● Information provided

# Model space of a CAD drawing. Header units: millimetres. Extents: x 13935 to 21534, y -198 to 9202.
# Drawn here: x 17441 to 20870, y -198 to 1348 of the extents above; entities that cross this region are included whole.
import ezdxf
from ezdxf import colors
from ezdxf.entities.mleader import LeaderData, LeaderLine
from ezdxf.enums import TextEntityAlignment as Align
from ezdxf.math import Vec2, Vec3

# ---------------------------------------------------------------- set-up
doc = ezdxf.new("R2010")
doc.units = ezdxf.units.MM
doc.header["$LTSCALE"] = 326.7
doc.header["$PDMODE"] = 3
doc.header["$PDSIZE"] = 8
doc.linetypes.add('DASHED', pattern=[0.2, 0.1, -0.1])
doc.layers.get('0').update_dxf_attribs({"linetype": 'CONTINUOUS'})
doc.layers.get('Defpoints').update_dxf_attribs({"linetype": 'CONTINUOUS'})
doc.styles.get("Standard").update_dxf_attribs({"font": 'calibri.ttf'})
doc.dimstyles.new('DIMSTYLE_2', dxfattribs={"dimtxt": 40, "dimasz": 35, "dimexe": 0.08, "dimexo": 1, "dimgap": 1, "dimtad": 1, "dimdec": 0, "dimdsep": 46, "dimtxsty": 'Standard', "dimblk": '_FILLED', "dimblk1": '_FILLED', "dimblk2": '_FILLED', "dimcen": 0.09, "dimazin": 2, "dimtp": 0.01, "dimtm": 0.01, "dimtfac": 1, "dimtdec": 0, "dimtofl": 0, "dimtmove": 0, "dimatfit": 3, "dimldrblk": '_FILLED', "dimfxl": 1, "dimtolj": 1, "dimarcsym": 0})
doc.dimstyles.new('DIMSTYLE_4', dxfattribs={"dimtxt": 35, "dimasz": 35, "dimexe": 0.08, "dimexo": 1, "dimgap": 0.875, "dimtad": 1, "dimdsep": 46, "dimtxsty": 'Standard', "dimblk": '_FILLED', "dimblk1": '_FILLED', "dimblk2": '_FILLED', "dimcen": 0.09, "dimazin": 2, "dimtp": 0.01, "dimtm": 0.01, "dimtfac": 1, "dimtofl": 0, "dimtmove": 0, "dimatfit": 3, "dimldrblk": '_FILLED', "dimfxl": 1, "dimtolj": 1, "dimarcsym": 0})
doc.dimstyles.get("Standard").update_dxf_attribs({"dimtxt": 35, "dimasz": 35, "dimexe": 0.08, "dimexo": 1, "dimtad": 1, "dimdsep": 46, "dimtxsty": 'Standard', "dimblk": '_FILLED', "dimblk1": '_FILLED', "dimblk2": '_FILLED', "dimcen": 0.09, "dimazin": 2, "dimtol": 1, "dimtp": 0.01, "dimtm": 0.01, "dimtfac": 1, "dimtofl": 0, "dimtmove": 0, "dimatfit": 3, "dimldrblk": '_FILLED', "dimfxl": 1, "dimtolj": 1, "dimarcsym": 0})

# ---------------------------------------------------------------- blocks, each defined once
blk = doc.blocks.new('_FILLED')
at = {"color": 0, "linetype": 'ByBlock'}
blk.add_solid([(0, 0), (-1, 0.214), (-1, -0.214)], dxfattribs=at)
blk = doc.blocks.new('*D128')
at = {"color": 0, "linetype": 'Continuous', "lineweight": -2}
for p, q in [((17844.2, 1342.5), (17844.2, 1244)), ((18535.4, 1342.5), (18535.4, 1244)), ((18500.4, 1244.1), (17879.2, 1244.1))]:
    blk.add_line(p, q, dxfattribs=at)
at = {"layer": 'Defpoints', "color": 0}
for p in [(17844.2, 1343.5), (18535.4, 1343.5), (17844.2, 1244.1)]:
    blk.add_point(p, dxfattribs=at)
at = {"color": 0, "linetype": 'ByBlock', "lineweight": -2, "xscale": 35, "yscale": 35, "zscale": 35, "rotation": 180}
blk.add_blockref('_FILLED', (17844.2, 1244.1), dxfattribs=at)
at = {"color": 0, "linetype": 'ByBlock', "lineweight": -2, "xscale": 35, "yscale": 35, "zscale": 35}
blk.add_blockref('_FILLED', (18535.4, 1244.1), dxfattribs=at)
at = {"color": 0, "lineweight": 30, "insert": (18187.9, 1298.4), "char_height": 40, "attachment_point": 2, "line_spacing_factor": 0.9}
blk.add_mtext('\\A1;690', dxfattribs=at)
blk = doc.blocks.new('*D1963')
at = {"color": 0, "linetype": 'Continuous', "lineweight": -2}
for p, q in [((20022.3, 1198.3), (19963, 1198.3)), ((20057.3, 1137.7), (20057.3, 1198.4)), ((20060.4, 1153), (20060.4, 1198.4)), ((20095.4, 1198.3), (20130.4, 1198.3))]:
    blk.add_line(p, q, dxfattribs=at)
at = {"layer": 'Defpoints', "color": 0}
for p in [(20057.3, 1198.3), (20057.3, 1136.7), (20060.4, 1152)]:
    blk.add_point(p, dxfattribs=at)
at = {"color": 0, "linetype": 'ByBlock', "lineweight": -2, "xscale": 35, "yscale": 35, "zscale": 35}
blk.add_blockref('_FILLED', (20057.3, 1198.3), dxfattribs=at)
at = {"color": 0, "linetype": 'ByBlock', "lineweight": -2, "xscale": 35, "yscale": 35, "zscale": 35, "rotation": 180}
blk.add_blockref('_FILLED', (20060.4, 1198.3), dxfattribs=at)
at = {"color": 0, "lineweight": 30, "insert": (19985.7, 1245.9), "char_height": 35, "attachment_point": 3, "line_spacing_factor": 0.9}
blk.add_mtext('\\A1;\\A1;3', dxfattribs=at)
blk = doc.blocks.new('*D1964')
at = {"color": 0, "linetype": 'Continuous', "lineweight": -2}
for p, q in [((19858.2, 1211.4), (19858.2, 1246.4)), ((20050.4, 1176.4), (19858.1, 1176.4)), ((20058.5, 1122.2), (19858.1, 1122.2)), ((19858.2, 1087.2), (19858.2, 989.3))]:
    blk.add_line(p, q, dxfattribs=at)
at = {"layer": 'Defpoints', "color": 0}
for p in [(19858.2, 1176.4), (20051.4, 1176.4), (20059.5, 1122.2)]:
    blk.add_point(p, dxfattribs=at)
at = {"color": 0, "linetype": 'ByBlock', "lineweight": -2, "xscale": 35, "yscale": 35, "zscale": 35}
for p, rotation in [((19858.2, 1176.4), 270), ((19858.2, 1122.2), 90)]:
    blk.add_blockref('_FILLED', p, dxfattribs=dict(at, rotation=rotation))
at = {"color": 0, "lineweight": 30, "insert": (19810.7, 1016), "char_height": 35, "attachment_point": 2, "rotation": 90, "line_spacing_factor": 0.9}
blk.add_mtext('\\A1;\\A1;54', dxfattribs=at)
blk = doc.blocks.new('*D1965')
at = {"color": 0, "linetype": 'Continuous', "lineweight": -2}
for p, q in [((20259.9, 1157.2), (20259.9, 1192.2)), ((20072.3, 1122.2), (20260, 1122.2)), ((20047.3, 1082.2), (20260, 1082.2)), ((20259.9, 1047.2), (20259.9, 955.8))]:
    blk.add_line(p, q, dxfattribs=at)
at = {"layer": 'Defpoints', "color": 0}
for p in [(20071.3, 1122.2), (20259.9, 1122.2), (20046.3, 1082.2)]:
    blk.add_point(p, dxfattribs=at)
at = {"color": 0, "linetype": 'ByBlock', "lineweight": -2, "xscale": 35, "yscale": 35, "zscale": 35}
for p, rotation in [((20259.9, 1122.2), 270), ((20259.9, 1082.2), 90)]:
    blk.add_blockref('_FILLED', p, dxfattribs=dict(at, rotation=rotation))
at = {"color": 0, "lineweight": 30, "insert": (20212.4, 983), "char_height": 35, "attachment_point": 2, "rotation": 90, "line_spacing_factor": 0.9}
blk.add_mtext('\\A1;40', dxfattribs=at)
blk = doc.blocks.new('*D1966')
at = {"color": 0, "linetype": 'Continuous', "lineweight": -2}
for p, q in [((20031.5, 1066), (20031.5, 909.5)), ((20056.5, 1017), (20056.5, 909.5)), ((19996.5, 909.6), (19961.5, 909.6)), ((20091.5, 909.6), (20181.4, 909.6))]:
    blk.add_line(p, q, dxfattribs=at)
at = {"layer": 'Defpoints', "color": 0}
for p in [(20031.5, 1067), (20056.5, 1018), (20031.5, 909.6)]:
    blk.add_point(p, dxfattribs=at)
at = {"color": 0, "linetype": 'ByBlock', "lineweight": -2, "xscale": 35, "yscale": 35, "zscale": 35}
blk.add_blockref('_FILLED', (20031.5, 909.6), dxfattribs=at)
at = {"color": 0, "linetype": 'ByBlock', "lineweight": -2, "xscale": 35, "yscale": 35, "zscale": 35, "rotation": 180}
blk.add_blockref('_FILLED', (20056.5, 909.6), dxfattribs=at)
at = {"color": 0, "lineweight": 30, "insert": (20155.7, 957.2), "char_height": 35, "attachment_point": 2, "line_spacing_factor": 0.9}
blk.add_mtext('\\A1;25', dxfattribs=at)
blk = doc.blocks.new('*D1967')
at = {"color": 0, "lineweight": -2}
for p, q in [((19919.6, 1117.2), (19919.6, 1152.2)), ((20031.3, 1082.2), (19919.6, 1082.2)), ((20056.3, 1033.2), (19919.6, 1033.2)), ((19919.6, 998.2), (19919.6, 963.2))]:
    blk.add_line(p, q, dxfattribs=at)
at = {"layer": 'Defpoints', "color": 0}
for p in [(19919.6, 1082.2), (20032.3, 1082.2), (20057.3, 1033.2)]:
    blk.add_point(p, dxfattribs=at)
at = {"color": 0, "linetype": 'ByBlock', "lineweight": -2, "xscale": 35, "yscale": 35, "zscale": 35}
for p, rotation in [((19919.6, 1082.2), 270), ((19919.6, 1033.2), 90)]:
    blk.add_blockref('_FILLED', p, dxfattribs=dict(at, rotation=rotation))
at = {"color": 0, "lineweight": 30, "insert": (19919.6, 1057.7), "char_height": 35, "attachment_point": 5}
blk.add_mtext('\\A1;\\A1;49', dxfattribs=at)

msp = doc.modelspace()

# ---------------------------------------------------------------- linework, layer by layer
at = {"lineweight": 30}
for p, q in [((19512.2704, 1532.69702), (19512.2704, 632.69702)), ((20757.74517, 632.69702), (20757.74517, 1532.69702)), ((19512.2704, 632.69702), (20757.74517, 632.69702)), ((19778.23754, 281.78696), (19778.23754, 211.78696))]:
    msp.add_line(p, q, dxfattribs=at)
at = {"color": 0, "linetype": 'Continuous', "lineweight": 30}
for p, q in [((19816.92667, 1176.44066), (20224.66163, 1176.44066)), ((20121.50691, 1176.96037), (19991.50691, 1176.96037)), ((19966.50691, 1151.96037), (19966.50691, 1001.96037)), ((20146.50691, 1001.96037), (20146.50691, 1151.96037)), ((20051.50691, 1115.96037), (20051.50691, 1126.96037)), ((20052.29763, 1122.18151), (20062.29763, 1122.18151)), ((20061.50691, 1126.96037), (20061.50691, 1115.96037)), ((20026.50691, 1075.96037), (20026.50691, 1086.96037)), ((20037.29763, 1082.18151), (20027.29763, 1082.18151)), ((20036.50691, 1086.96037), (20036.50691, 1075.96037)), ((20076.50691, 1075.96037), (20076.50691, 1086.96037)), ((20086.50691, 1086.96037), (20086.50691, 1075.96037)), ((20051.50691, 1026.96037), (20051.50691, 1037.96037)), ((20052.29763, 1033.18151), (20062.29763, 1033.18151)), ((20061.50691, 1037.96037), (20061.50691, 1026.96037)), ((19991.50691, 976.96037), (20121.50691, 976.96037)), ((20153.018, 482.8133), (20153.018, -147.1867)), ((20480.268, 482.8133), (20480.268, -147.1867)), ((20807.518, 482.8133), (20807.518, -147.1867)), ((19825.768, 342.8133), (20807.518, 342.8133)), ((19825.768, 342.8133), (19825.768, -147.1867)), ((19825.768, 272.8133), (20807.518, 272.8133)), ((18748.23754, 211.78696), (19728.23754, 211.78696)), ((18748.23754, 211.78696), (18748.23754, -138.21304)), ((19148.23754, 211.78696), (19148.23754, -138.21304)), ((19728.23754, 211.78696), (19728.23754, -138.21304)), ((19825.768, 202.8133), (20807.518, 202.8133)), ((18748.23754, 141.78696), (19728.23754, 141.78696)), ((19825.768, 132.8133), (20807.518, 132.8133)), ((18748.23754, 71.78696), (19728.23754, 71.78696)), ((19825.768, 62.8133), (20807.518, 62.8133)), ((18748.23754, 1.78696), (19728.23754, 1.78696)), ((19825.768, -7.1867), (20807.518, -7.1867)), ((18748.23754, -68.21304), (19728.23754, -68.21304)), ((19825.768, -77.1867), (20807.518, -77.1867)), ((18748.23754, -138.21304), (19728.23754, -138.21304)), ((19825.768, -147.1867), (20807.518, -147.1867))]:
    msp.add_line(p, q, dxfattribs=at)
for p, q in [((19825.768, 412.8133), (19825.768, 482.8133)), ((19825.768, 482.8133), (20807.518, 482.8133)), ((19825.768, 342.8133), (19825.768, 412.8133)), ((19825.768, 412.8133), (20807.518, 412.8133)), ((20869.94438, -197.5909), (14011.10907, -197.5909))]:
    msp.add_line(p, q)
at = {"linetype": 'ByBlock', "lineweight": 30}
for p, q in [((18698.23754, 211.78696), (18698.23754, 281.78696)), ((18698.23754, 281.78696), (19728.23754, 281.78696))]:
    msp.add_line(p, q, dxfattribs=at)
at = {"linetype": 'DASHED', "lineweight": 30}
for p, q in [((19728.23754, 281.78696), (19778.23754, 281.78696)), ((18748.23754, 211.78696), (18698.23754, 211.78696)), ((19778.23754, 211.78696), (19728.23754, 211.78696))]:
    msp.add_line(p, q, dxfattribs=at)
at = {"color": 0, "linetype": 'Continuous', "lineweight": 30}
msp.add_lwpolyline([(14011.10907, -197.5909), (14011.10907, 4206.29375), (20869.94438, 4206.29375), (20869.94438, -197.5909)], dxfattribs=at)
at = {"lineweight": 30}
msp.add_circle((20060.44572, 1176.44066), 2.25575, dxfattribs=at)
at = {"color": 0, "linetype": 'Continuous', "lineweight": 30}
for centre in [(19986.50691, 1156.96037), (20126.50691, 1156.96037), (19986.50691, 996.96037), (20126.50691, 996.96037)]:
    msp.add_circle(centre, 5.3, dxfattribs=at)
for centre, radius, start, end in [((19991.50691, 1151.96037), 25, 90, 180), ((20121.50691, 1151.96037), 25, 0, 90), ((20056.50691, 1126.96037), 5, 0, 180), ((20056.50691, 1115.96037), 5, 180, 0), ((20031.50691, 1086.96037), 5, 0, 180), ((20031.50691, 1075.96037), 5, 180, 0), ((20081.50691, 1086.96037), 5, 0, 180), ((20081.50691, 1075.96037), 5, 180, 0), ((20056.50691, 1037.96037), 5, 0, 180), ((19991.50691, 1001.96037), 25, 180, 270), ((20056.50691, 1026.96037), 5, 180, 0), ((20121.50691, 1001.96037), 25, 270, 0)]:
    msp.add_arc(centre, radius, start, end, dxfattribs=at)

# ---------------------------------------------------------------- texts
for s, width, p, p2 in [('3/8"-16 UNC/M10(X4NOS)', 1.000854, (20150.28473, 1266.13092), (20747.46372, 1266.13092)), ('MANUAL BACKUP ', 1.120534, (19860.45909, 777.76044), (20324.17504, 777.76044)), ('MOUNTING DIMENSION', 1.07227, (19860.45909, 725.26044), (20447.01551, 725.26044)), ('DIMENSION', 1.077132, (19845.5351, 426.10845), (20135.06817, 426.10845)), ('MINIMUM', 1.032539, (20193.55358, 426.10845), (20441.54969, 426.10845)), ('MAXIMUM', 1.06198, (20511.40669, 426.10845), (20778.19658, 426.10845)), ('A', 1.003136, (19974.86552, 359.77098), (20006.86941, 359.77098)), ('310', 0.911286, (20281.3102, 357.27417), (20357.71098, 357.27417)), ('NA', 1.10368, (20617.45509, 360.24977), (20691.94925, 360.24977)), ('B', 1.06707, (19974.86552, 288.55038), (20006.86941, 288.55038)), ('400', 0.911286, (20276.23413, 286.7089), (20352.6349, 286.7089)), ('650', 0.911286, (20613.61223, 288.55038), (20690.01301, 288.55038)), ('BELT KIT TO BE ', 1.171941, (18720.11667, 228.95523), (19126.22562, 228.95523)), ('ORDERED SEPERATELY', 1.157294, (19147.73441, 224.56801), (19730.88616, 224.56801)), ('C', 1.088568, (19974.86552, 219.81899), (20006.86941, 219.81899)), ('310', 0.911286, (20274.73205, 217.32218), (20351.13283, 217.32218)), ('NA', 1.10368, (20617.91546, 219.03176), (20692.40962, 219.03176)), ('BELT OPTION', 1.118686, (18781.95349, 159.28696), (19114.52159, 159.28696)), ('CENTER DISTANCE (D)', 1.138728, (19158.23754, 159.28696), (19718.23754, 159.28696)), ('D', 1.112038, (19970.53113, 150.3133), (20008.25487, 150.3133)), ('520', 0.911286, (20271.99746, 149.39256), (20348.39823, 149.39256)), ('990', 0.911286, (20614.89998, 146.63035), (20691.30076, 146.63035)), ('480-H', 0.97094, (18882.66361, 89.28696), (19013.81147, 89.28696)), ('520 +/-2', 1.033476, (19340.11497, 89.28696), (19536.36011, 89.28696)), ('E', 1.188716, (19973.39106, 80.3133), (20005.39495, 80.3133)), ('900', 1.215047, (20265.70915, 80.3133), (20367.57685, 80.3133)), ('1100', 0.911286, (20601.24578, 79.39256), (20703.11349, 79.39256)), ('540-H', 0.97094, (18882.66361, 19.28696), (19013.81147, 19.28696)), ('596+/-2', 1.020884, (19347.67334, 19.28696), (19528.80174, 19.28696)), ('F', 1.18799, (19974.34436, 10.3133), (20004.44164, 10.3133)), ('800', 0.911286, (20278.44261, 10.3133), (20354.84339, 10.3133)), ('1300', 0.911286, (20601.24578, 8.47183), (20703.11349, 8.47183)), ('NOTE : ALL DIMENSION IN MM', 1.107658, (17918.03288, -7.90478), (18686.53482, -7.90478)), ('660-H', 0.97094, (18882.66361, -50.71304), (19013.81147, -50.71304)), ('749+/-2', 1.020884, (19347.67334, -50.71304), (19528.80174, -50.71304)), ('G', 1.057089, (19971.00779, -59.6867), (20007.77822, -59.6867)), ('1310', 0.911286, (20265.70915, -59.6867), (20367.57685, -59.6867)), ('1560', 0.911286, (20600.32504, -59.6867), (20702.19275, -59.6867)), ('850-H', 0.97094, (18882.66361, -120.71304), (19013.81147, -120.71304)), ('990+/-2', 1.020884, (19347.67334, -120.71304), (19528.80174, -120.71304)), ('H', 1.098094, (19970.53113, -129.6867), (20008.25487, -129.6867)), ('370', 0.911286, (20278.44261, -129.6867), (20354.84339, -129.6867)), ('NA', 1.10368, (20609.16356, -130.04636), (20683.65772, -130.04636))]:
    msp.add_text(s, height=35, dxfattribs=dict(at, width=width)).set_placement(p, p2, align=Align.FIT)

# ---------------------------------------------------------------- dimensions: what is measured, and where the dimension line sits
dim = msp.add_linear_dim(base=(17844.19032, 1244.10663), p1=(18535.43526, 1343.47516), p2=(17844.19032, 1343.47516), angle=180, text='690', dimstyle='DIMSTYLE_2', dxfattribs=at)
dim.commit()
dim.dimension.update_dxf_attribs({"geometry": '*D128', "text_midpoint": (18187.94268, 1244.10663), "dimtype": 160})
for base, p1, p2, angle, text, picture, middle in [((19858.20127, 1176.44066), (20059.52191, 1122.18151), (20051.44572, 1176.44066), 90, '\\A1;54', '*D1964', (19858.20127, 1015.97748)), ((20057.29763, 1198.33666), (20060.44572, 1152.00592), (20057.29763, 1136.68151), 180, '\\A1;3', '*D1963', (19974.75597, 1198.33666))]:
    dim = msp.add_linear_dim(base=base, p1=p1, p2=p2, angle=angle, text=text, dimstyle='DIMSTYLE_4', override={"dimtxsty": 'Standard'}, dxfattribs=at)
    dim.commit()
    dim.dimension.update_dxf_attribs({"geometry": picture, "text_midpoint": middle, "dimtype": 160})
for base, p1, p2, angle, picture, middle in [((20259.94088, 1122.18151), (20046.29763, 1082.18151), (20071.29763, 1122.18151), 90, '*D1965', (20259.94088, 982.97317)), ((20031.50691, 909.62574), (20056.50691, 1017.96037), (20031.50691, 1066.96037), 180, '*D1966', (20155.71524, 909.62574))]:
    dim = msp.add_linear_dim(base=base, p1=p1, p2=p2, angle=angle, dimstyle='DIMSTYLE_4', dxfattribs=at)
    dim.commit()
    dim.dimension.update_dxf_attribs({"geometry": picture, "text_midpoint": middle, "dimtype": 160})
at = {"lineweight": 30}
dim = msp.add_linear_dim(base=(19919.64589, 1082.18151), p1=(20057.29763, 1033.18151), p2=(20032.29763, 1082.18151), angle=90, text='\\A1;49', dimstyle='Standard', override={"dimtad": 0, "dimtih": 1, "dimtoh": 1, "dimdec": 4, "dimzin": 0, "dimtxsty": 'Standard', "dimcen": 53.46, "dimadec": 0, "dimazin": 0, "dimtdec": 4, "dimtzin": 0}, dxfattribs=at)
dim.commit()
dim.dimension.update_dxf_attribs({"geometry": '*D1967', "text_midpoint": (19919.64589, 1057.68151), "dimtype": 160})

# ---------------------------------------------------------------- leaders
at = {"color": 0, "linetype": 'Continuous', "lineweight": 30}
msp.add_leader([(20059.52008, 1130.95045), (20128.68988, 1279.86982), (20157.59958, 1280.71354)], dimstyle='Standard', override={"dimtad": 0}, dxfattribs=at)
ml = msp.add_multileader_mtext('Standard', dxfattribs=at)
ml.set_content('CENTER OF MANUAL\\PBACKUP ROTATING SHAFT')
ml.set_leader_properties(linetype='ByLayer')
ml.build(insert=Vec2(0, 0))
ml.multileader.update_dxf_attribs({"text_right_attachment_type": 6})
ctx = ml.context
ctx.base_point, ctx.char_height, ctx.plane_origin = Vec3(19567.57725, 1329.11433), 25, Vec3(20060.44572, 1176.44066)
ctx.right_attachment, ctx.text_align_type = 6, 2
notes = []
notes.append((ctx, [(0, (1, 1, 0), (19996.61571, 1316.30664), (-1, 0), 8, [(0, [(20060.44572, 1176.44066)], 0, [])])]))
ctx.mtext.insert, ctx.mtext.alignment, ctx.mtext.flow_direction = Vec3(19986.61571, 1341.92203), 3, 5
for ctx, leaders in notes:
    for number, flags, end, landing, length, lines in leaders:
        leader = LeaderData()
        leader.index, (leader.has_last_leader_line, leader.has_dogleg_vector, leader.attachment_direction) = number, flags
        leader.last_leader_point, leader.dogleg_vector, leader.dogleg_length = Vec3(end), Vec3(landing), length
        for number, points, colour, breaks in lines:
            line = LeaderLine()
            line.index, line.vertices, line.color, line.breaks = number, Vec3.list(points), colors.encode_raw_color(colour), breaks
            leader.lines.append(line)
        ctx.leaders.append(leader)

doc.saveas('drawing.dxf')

● Task brief
Look over the listing above. Pick out and copy every line that includes "dimldrblk".

● Exercise result
doc.dimstyles.new('DIMSTYLE_2', dxfattribs={"dimtxt": 40, "dimasz": 35, "dimexe": 0.08, "dimexo": 1, "dimgap": 1, "dimtad": 1, "dimdec": 0, "dimdsep": 46, "dimtxsty": 'Standard', "dimblk": '_FILLED', "dimblk1": '_FILLED', "dimblk2": '_FILLED', "dimcen": 0.09, "dimazin": 2, "dimtp": 0.01, "dimtm": 0.01, "dimtfac": 1, "dimtdec": 0, "dimtofl": 0, "dimtmove": 0, "dimatfit": 3, "dimldrblk": '_FILLED', "dimfxl": 1, "dimtolj": 1, "dimarcsym": 0})
doc.dimstyles.new('DIMSTYLE_4', dxfattribs={"dimtxt": 35, "dimasz": 35, "dimexe": 0.08, "dimexo": 1, "dimgap": 0.875, "dimtad": 1, "dimdsep": 46, "dimtxsty": 'Standard', "dimblk": '_FILLED', "dimblk1": '_FILLED', "dimblk2": '_FILLED', "dimcen": 0.09, "dimazin": 2, "dimtp": 0.01, "dimtm": 0.01, "dimtfac": 1, "dimtofl": 0, "dimtmove": 0, "dimatfit": 3, "dimldrblk": '_FILLED', "dimfxl": 1, "dimtolj": 1, "dimarcsym": 0})
doc.dimstyles.get("Standard").update_dxf_attribs({"dimtxt": 35, "dimasz": 35, "dimexe": 0.08, "dimexo": 1, "dimtad": 1, "dimdsep": 46, "dimtxsty": 'Standard', "dimblk": '_FILLED', "dimblk1": '_FILLED', "dimblk2": '_FILLED', "dimcen": 0.09, "dimazin": 2, "dimtol": 1, "dimtp": 0.01, "dimtm": 0.01, "dimtfac": 1, "dimtofl": 0, "dimtmove": 0, "dimatfit": 3, "dimldrblk": '_FILLED', "dimfxl": 1, "dimtolj": 1, "dimarcsym": 0})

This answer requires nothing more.